CE QU’IL FAUT SAVOIR
Dans un recours civil intenté contre un médecin, il est clair qu’il faut presque toujours retenir les services d’un médecin expert pour analyser la responsabilité du médecin poursuivi, afin de défendre ses actes ou omissions devant le tribunal. Selon la théorie de la cause, il y a fréquemment des questions techniques et scientifiques qui requièrent une opinion devant être soutenue par un expert. L’exercice consiste à comparer la conduite du défendeur avec celle d’un « médecin diligent et raisonnable placé dans les mêmes circonstances ».
Il faut d’abord savoir qu’il est nécessaire de retenir un médecin ayant les mêmes qualifications que le médecin poursuivi; idéalement, quelqu’un qui œuvre dans un milieu similaire. Cette évaluation des soins médicaux prodigués est un exercice parfois difficile, car, rétrospectivement, il est clair que l’expert possède bien souvent des informations et des données dont ne disposait pas le médecin défendeur au moment de sa faute présumée. Il faut toutefois faire abstraction de ces informations, car il serait injuste d’en tenir compte pour évaluer le comportement du médecin.

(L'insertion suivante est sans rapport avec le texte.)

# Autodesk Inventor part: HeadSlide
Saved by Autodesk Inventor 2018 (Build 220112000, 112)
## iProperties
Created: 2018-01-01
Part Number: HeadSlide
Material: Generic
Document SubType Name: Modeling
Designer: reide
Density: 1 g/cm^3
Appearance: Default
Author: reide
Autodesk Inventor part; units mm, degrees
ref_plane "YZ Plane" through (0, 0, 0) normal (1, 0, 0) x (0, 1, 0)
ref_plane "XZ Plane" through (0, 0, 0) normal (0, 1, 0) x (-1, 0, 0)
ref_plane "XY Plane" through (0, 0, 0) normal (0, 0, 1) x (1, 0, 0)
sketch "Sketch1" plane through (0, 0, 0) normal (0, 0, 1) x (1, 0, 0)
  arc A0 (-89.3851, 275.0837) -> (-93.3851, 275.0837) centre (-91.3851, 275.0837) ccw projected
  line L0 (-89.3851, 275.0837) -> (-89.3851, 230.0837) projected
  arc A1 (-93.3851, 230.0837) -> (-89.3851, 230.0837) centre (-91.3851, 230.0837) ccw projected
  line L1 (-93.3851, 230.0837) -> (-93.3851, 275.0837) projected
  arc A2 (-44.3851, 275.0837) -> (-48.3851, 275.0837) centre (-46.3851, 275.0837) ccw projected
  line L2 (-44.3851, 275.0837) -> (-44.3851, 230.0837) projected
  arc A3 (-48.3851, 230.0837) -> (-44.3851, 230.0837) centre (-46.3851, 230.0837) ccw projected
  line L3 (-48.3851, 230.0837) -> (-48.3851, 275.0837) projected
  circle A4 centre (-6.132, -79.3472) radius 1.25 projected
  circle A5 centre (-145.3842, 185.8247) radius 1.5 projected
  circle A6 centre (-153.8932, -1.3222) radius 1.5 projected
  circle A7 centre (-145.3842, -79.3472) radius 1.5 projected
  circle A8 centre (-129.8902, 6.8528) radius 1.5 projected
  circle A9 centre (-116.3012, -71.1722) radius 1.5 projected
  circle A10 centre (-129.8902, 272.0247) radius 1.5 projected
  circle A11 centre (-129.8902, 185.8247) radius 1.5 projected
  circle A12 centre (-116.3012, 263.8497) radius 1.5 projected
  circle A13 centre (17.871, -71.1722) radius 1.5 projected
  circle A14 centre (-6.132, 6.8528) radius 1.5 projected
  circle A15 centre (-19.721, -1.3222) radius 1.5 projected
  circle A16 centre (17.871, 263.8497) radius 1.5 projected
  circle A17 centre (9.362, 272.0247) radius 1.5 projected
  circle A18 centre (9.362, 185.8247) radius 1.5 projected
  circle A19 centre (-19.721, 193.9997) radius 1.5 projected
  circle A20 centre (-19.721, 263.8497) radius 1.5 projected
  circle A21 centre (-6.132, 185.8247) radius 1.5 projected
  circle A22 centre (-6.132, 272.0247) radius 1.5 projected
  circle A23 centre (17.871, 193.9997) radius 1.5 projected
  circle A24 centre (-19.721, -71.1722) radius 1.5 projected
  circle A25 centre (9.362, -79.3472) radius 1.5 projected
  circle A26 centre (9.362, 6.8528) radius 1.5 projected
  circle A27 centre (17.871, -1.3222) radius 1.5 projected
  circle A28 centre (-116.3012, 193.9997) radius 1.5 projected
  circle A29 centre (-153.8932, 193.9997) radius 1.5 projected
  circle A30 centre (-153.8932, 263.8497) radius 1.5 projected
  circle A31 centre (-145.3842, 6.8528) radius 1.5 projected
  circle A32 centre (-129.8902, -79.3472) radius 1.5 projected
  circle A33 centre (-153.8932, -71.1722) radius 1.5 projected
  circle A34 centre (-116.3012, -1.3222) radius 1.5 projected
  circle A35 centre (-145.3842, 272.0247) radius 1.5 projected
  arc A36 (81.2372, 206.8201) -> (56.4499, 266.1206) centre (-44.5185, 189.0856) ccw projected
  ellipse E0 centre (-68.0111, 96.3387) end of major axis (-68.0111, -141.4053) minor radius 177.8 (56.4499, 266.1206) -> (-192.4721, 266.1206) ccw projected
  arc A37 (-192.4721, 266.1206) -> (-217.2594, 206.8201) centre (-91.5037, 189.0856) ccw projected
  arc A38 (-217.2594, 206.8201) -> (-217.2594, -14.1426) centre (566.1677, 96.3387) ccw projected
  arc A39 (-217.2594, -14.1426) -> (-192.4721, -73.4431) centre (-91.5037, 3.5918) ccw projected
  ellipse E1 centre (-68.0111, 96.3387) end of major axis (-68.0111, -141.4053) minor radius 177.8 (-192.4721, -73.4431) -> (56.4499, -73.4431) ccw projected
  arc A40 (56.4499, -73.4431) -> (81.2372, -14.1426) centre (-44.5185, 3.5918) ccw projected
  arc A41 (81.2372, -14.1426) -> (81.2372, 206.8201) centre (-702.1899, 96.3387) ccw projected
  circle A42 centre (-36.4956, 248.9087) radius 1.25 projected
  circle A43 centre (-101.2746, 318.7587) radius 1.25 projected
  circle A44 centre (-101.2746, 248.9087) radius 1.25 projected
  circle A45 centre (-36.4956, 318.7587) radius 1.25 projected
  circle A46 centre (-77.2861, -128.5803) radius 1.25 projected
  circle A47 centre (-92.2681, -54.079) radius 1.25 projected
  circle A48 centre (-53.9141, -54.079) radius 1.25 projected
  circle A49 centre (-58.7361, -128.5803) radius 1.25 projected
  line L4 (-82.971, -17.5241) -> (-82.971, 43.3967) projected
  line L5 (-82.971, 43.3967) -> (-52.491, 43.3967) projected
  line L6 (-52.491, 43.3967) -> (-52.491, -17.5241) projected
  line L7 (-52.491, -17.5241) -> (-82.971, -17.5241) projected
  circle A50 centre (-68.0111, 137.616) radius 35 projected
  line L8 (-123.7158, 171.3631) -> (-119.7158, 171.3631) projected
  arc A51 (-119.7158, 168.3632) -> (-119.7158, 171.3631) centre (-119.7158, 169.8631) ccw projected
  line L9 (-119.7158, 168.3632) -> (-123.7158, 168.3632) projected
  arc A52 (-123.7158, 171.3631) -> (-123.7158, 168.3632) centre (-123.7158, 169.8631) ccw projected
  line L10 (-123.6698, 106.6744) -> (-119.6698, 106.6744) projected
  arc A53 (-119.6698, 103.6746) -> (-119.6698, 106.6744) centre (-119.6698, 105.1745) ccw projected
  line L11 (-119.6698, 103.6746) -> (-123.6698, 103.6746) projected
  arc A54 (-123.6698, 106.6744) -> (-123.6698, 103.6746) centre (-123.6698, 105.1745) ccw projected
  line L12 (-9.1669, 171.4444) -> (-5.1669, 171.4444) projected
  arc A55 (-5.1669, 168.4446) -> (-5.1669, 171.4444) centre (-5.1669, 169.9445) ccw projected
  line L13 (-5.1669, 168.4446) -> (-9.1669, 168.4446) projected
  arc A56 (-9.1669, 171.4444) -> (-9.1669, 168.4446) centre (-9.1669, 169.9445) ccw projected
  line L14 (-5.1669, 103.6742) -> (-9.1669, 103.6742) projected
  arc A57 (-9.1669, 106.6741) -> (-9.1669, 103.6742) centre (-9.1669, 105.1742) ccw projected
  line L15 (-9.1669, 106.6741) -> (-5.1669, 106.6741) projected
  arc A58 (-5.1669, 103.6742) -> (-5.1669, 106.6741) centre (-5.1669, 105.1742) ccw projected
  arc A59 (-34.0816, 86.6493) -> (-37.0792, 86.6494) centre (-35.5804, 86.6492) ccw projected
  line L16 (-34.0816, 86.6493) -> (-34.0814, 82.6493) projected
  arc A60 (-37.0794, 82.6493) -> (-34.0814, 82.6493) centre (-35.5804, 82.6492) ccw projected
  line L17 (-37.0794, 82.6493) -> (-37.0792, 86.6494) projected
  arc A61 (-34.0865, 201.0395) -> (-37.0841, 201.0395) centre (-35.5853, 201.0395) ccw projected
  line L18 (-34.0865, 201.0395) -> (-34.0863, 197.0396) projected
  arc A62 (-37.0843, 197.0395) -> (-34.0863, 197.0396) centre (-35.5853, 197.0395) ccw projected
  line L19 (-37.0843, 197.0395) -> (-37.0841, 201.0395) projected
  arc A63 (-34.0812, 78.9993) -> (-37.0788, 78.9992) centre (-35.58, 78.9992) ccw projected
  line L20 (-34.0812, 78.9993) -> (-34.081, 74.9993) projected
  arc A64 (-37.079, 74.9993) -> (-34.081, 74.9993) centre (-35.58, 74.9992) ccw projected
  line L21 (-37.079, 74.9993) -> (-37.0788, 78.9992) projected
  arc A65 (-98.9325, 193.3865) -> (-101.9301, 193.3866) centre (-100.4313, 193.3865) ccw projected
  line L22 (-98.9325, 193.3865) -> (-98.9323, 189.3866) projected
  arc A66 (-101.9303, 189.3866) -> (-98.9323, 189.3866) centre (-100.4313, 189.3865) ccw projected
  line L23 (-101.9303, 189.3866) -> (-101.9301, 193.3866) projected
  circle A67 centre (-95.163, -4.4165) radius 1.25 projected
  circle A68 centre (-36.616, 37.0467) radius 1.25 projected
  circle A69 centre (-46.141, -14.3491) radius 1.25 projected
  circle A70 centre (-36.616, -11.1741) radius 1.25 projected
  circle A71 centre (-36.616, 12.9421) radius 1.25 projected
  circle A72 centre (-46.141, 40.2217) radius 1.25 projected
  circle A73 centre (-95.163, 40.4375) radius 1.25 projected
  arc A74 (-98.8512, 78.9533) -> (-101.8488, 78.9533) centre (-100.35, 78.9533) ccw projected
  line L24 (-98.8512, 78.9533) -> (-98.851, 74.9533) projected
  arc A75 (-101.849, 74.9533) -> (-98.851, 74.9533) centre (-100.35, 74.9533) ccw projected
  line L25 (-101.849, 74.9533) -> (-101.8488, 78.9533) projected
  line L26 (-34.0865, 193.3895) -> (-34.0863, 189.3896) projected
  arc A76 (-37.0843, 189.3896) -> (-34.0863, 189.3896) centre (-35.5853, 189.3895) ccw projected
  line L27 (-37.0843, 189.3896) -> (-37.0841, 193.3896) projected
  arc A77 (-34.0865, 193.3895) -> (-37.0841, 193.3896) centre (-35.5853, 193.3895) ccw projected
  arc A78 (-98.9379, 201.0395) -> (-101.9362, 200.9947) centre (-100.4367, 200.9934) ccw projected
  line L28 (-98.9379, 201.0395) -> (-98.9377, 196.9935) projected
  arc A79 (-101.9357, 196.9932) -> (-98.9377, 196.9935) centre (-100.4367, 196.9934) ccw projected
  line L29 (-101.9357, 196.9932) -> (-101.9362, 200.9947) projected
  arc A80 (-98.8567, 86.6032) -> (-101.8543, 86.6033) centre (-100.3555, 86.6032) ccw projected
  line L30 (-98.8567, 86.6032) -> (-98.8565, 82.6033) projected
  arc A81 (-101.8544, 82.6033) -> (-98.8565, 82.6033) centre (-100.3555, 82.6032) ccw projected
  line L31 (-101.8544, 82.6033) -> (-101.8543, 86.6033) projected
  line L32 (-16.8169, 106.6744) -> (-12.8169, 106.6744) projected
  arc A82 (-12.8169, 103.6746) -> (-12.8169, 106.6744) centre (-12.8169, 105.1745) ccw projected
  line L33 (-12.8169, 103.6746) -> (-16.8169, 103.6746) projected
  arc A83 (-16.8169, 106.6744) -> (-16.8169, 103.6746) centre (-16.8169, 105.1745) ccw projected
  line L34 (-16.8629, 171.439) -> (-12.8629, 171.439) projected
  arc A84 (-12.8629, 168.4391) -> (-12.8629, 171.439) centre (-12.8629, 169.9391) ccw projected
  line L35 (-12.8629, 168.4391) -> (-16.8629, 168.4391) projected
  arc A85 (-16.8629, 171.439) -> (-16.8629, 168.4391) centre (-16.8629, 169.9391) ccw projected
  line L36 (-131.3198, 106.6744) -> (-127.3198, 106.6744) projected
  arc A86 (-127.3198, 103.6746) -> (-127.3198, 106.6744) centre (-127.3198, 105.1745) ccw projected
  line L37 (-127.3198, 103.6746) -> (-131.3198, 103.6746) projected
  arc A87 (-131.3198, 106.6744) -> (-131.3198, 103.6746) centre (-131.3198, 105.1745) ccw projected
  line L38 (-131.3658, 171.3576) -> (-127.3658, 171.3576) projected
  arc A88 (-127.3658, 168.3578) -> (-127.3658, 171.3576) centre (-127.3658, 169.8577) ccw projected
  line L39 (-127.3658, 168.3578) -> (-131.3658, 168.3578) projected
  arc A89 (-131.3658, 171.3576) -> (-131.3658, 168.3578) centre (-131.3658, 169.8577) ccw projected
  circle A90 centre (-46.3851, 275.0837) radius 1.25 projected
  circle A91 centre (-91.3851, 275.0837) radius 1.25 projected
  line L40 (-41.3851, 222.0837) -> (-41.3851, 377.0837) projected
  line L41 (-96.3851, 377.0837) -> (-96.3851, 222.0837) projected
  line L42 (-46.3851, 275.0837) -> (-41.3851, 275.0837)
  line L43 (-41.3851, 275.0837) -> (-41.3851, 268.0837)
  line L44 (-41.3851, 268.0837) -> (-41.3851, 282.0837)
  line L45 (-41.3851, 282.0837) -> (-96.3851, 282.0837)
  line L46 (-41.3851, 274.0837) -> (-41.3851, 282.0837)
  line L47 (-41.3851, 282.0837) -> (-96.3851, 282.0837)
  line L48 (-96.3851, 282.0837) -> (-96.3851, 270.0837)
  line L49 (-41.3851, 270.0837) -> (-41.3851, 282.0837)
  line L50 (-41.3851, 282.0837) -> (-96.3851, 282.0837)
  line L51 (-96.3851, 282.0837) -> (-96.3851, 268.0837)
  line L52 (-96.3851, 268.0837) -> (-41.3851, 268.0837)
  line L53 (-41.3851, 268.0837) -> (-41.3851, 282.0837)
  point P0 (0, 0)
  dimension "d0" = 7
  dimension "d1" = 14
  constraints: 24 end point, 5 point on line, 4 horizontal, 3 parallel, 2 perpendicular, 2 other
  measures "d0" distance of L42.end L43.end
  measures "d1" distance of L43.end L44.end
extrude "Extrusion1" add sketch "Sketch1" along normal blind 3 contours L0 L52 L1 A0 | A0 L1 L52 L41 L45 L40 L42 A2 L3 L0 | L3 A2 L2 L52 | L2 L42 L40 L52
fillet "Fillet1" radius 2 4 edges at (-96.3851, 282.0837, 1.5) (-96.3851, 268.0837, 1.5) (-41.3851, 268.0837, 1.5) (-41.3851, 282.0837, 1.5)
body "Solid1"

Un expert compétent tâchera donc de se mettre à la place du médecin qui n’a généralement pas l’occasion de connaître tout l’historique médical d’un patient.
Il est clair qu’après coup, on peut décortiquer un dossier médical et l’analyser pendant des heures afin d’y trouver des failles. On doit donc regarder de près toutes les circonstances et le contexte particulier de l’affaire, car le médecin ayant traité le patient en question n’a pas eu à sa disposition le même temps que vous pour réfléchir aux soins du patient. Mais attention, je ne suis pas en train de dire qu’à cause d’une contrainte de temps, tout geste posé par un médecin devient acceptable. Il faut simplement se mettre à la place du médecin et considérer les circonstances particulières de l’affaire.
LA COMMUNICATION ET LA PRODUCTION D’UN RAPPORT
Pour qu’un médecin qui sera qualifié d’expert puisse témoigner à l’audience, l’avocat ayant retenu ses services devra d’abord communiquer son rapport d’expertise à la partie adverse et le produire au dossier de la Cour. Sinon, son témoignage ne sera pas admis. Depuis quelque temps, afin d’améliorer l’efficacité du système judiciaire, les tribunaux dénoncent la longueur des rapports d’experts et préconisent de plus en plus des rapports courts et concis. Ainsi, soyez bref et allez droit au but!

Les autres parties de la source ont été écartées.